Ce que l’on voit en France, c’est plutôt un retour à la médi­ca­li­sa­tion des identités, à travers l’épouvantail de l’accès aux trai­te­ments hormonaux des mineur·es. En Espagne, même s’il y a eu des discours anti-trans très virulents au moment du vote de la loi, le gou­ver­ne­ment n’a pas laissé passer ces propos [la ministre de l’Égalité, Irene Montero, est montée au créneau, devant le Congrès, pour défendre les personnes trans]. Je pense que l’Espagne est un exemple à étudier dans le détail. Je considère la France plus proche du modèle anglais, où la question de la médi­ca­li­sa­tion est centrale. Les mou­ve­ments trans­phobes réac­tion­naires viennent de façon classique de la droite, mais aussi de cette fausse gauche qui se veut répu­bli­caine et uni­ver­sa­liste. Je pense notamment à l’amendement déposé par la députée Aurore Bergé (Renaissance) pour exclure les hommes trans de l’inscription de l’accès à l’IVG dans la Constitution.

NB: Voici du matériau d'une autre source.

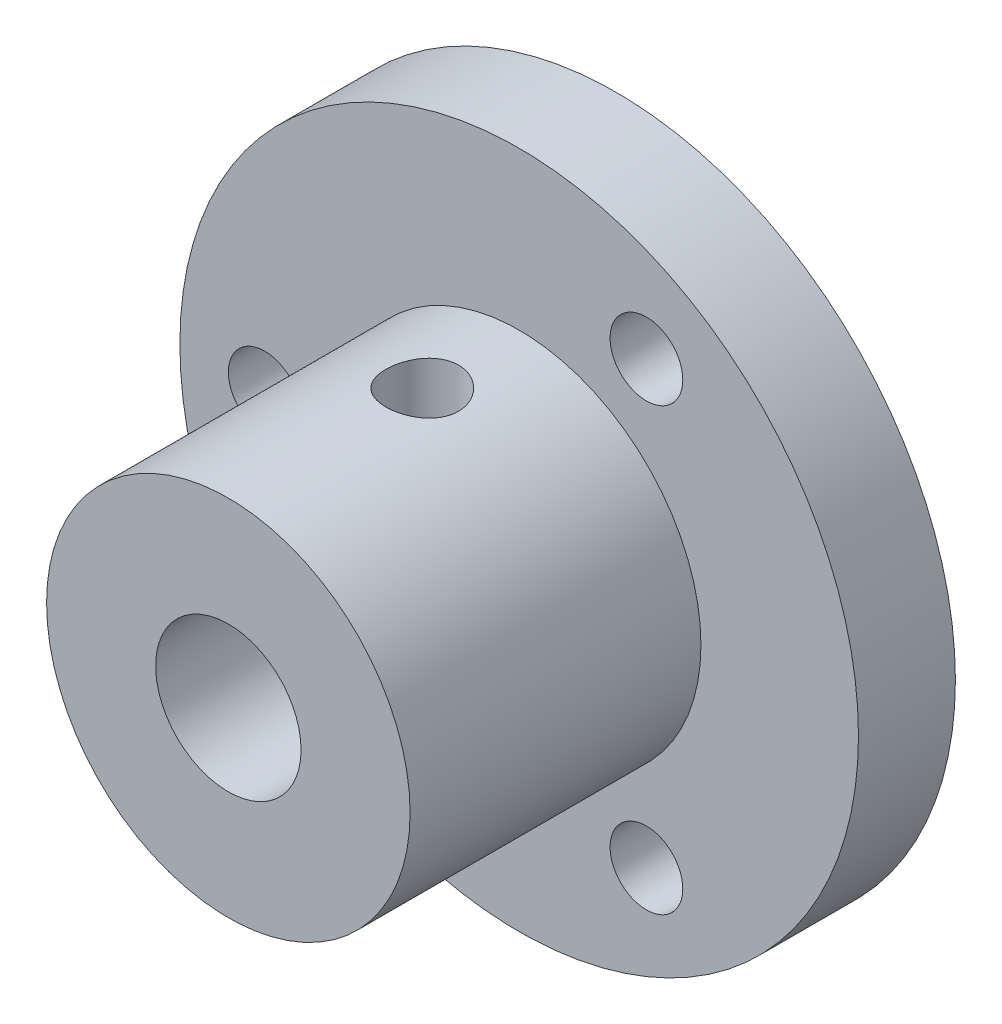
ISO-10303-21;
HEADER;
FILE_DESCRIPTION(('STEP AP214'),'2;1');
FILE_NAME('part.step','',(''),(''),'','','');
FILE_SCHEMA(('AUTOMOTIVE_DESIGN { 1 0 10303 214 1 1 1 1 }'));
ENDSEC;
DATA;
#1=APPLICATION_CONTEXT('core data for automotive mechanical design processes');
#2=APPLICATION_PROTOCOL_DEFINITION('international standard','automotive_design',2000,#1);
#3=PRODUCT_CONTEXT('',#1,'mechanical');
#4=PRODUCT('Part','Part','',(#3));
#5=PRODUCT_RELATED_PRODUCT_CATEGORY('part','',(#4));
#6=PRODUCT_DEFINITION_FORMATION('','',#4);
#7=PRODUCT_DEFINITION_CONTEXT('part definition',#1,'design');
#8=PRODUCT_DEFINITION('design','',#6,#7);
#9=PRODUCT_DEFINITION_SHAPE('','',#8);
#10=(LENGTH_UNIT() NAMED_UNIT(*) SI_UNIT(.MILLI.,.METRE.));
#11=(NAMED_UNIT(*) PLANE_ANGLE_UNIT() SI_UNIT($,.RADIAN.));
#12=(NAMED_UNIT(*) SI_UNIT($,.STERADIAN.) SOLID_ANGLE_UNIT());
#13=UNCERTAINTY_MEASURE_WITH_UNIT(LENGTH_MEASURE(1.E-05),#10,'distance_accuracy_value','');
#14=(GEOMETRIC_REPRESENTATION_CONTEXT(3) GLOBAL_UNCERTAINTY_ASSIGNED_CONTEXT((#13)) GLOBAL_UNIT_ASSIGNED_CONTEXT((#10,
#11,#12)) REPRESENTATION_CONTEXT('',''));
#15=CARTESIAN_POINT('',(0.,0.,0.));
#16=DIRECTION('',(0.,0.,1.));
#17=DIRECTION('',(1.,0.,0.));
#18=AXIS2_PLACEMENT_3D('',#15,#16,#17);
#19=CARTESIAN_POINT('',(0.,0.,4.));
#20=DIRECTION('',(0.,0.,-1.));
#21=DIRECTION('',(-1.,0.,0.));
#22=AXIS2_PLACEMENT_3D('',#19,#20,#21);
#23=CYLINDRICAL_SURFACE('',#22,3.);
#24=CARTESIAN_POINT('',(0.,-3.,6.5));
#25=CARTESIAN_POINT('',(0.0788579444268503,-2.99999570107562,6.50000495347579));
#26=CARTESIAN_POINT('',(0.157809899546344,-2.99685736529635,6.50625510968158));
#27=CARTESIAN_POINT('',(0.313380352903345,-2.98461234055736,6.53097932051231));
#28=CARTESIAN_POINT('',(0.389994130070445,-2.97549431743379,6.54947658949672));
#29=CARTESIAN_POINT('',(0.538400317320674,-2.95224419105063,6.59779071292494));
#30=CARTESIAN_POINT('',(0.61021020440872,-2.93813158766306,6.62756357637195));
#31=CARTESIAN_POINT('',(0.747708925209899,-2.90618664773642,6.69735593204748));
#32=CARTESIAN_POINT('',(0.81339824098509,-2.88835460450288,6.7373746163733));
#33=CARTESIAN_POINT('',(0.941261726642865,-2.84934387387093,6.82927587422793));
#34=CARTESIAN_POINT('',(1.00298281668316,-2.82802798691306,6.88172971885946));
#35=CARTESIAN_POINT('',(1.11716916730047,-2.78489955370114,6.99578221887056));
#36=CARTESIAN_POINT('',(1.16962737466015,-2.76308664313552,7.05738777765866));
#37=CARTESIAN_POINT('',(1.26787800067542,-2.71948426796021,7.19372502428507));
#38=CARTESIAN_POINT('',(1.31283800332746,-2.69782780455198,7.26910414751887));
#39=CARTESIAN_POINT('',(1.38925234033604,-2.65928968158481,7.42755100397932));
#40=CARTESIAN_POINT('',(1.4207163224495,-2.64240461410484,7.51061319308412));
#41=CARTESIAN_POINT('',(1.46719866328288,-2.61686800556713,7.67699765813289));
#42=CARTESIAN_POINT('',(1.48308878562066,-2.6077840737557,7.76000667810109));
#43=CARTESIAN_POINT('',(1.50064048996327,-2.59772834922792,7.92796825666922));
#44=CARTESIAN_POINT('',(1.50231613255961,-2.59674854014932,8.01291881130673));
#45=CARTESIAN_POINT('',(1.49203093075844,-2.60266395385873,8.17142903647305));
#46=CARTESIAN_POINT('',(1.48167683930523,-2.6086314549302,8.24513604683458));
#47=CARTESIAN_POINT('',(1.4504097735854,-2.62614343100775,8.38958286405956));
#48=CARTESIAN_POINT('',(1.42949343584648,-2.63768968247664,8.46032171795797));
#49=CARTESIAN_POINT('',(1.37731467057901,-2.66531214619112,8.59884369884849));
#50=CARTESIAN_POINT('',(1.34582260067399,-2.68148760995998,8.66651959817868));
#51=CARTESIAN_POINT('',(1.27356253150201,-2.71655106422105,8.79595143888501));
#52=CARTESIAN_POINT('',(1.2327903657187,-2.73544027170286,8.85770470340013));
#53=CARTESIAN_POINT('',(1.13709908236918,-2.77669736854929,8.98178187911484));
#54=CARTESIAN_POINT('',(1.08104168755392,-2.79920265355119,9.04318531036424));
#55=CARTESIAN_POINT('',(0.959333368112062,-2.84321434950611,9.15610312788635));
#56=CARTESIAN_POINT('',(0.89367788486143,-2.86472027938201,9.20761278805082));
#57=CARTESIAN_POINT('',(0.750774758747775,-2.90552980924446,9.30152849154459));
#58=CARTESIAN_POINT('',(0.673130387399115,-2.92468476243011,9.34340070866861));
#59=CARTESIAN_POINT('',(0.510699323233197,-2.95736821681863,9.41314554356451));
#60=CARTESIAN_POINT('',(0.425918364397915,-2.9709011841533,9.44102927752275));
#61=CARTESIAN_POINT('',(0.259149737491054,-2.98986500612153,9.47971310557501));
#62=CARTESIAN_POINT('',(0.17751229582249,-2.99587407451965,9.49173685362017));
#63=CARTESIAN_POINT('',(0.0131693999240281,-3.00109520188655,9.50219709670173));
#64=CARTESIAN_POINT('',(-0.0695355298048624,-3.00031048081978,9.5006400284592));
#65=CARTESIAN_POINT('',(-0.22684945797898,-2.99236788380152,9.48468996737189));
#66=CARTESIAN_POINT('',(-0.301589112074895,-2.98570868532253,9.47130120090501));
#67=CARTESIAN_POINT('',(-0.447610338452911,-2.9673325697226,9.43364289215732));
#68=CARTESIAN_POINT('',(-0.51889152853663,-2.95561509501618,9.40937215031976));
#69=CARTESIAN_POINT('',(-0.65833291267436,-2.92776377120382,9.35000230035045));
#70=CARTESIAN_POINT('',(-0.726345595508706,-2.91151322654446,9.31461342482557));
#71=CARTESIAN_POINT('',(-0.855692042548908,-2.87615961476126,9.23433869653015));
#72=CARTESIAN_POINT('',(-0.917022944664888,-2.85705533350407,9.18944879810691));
#73=CARTESIAN_POINT('',(-1.03765153393382,-2.81562332004297,9.08635936200393));
#74=CARTESIAN_POINT('',(-1.09615811672854,-2.79316327265249,9.02728569733228));
#75=CARTESIAN_POINT('',(-1.20278448167828,-2.7489358741323,8.90011227308341));
#76=CARTESIAN_POINT('',(-1.25089707856781,-2.72716901100071,8.83200632172812));
#77=CARTESIAN_POINT('',(-1.33756187171853,-2.68576788309734,8.68453451874054));
#78=CARTESIAN_POINT('',(-1.37553824370037,-2.66628794383591,8.60478310085828));
#79=CARTESIAN_POINT('',(-1.43712423890206,-2.63361108441202,8.43873489863755));
#80=CARTESIAN_POINT('',(-1.46075237380053,-2.62040607332625,8.35244671029966));
#81=CARTESIAN_POINT('',(-1.49079253120031,-2.60342251538703,8.18463466567294));
#82=CARTESIAN_POINT('',(-1.49863949460818,-2.59886075197597,8.10344861984713));
#83=CARTESIAN_POINT('',(-1.5010337315643,-2.59748031962405,7.94082939925321));
#84=CARTESIAN_POINT('',(-1.49558676993486,-2.60065829439585,7.85939634689321));
#85=CARTESIAN_POINT('',(-1.47288918838996,-2.61356793076615,7.70677474769984));
#86=CARTESIAN_POINT('',(-1.45681247151455,-2.62264641723988,7.63534929478289));
#87=CARTESIAN_POINT('',(-1.41476303733662,-2.64556524281479,7.49628782086345));
#88=CARTESIAN_POINT('',(-1.38878713673988,-2.65940711354503,7.42865302686195));
#89=CARTESIAN_POINT('',(-1.32572361795085,-2.69142795546804,7.2940627235202));
#90=CARTESIAN_POINT('',(-1.28800670672355,-2.70983583593881,7.22745814725646));
#91=CARTESIAN_POINT('',(-1.20322645745609,-2.7485299745229,7.10108819572811));
#92=CARTESIAN_POINT('',(-1.15615825686234,-2.76881720693416,7.04132640421833));
#93=CARTESIAN_POINT('',(-1.04730498999206,-2.81193484737138,6.92278702646799));
#94=CARTESIAN_POINT('',(-0.984426634495893,-2.83477474959942,6.86501134647456));
#95=CARTESIAN_POINT('',(-0.849232209349797,-2.87816628389896,6.7606055248471));
#96=CARTESIAN_POINT('',(-0.776911084957797,-2.89871667939293,6.71398139079514));
#97=CARTESIAN_POINT('',(-0.62389739517442,-2.93547014349806,6.6331454559319));
#98=CARTESIAN_POINT('',(-0.543149255665097,-2.95164144740899,6.5990237461453));
#99=CARTESIAN_POINT('',(-0.376113151707131,-2.9775201194848,6.54528774836389));
#100=CARTESIAN_POINT('',(-0.289841699383651,-2.98724585044602,6.52563222979143));
#101=CARTESIAN_POINT('',(-0.168902919736344,-2.99543192870217,6.50915388337139));
#102=CARTESIAN_POINT('',(-0.135242819162348,-2.99714048010376,6.50572603870049));
#103=CARTESIAN_POINT('',(-0.0677275977076379,-2.99942545465223,6.50114800172887));
#104=CARTESIAN_POINT('',(-0.0338724714699429,-3.00000184655071,6.49999787229469));
#105=CARTESIAN_POINT('',(0.,-3.,6.5));
#106=B_SPLINE_CURVE_WITH_KNOTS('',3,(#24,#25,#26,#27,#28,#29,#30,#31,#32,#33,#34,#35,#36,#37,
#38,#39,#40,#41,#42,#43,#44,#45,#46,#47,#48,#49,#50,#51,#52,#53,#54,#55,#56,#57,#58,#59,#60,#61,
#62,#63,#64,#65,#66,#67,#68,#69,#70,#71,#72,#73,#74,#75,#76,#77,#78,#79,#80,#81,#82,#83,#84,#85,
#86,#87,#88,#89,#90,#91,#92,#93,#94,#95,#96,#97,#98,#99,#100,#101,#102,#103,#104,#105),
.UNSPECIFIED.,.T.,.F.,(4,2,2,2,2,2,2,2,2,2,2,2,2,2,2,2,2,2,2,2,2,2,2,2,2,2,2,2,2,2,2,2,2,2,2,2,
2,2,2,2,4),(0.,0.236436386130439,0.473322224563797,0.709293233238448,0.945245640872353,
1.19547263807713,1.44588935648105,1.71572589646129,1.98536921847422,2.23887018210345,
2.49212035993531,2.71508568613981,2.93812205888518,3.16635360252731,3.39468781890332,
3.65197412000818,3.90938301898029,4.17874533321661,4.44789325368419,4.69474935707018,
4.94148846767214,5.16910359759183,5.39674382446397,5.63089284041848,5.86514176122509,
6.12239415966629,6.37982382923148,6.64972023242589,6.91926767918177,7.1629396125457,
7.40650589797018,7.62686895373284,7.84730293182527,8.08254685170431,8.31791341715446,
8.58187864135757,8.84598575071869,9.1119602049529,9.37717362931724,9.47872920200875,
9.58028757766599),.UNSPECIFIED.);
#107=CARTESIAN_POINT('',(0.,-3.,6.5));
#108=VERTEX_POINT('',#107);
#109=EDGE_CURVE('E105',#108,#108,#106,.T.);
#110=ORIENTED_EDGE('',*,*,#109,.T.);
#111=EDGE_LOOP('',(#110));
#112=FACE_BOUND('',#111,.T.);
#113=CARTESIAN_POINT('',(0.,0.,0.));
#114=DIRECTION('',(0.,0.,1.));
#115=DIRECTION('',(1.,0.,0.));
#116=AXIS2_PLACEMENT_3D('',#113,#114,#115);
#117=CIRCLE('',#116,3.);
#118=CARTESIAN_POINT('',(3.,0.,0.));
#119=VERTEX_POINT('',#118);
#120=EDGE_CURVE('E63',#119,#119,#117,.T.);
#121=ORIENTED_EDGE('',*,*,#120,.F.);
#122=EDGE_LOOP('',(#121));
#123=FACE_BOUND('',#122,.T.);
#124=CARTESIAN_POINT('',(0.,0.,16.));
#125=DIRECTION('',(0.,0.,1.));
#126=DIRECTION('',(1.,0.,0.));
#127=AXIS2_PLACEMENT_3D('',#124,#125,#126);
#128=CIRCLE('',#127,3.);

Que chan­ge­rait, dans les parcours trans, l’accès à l’autodétermination ?

Les pro­cé­dures de chan­ge­ment d’état civil sont longues et érein­tantes ; elles suivent des pro­to­coles très précis. Ce chan­ge­ment de paradigme per­met­trait la recon­nais­sance de la notion de bien-être dans les tran­si­tions, en rem­pla­ce­ment de toute la souf­france endurée actuel­le­ment. Quand on parle de chan­ge­ment à l’état civil, on parle certes du chan­ge­ment des papiers d’identité, mais aussi de tous les autres documents officiels et notamment de la carte Vitale. Le décalage entre le genre vécu au quotidien et ce qui est noté sur ces documents entraîne très régu­liè­re­ment des ruptures de droits sociaux, des refus de soins, des refus de prise en charge médicale. C’est pour ça que l’autodétermination, pour de vrai, chan­ge­rait tout. Dans l’accès aux soins et aux droits des personnes trans.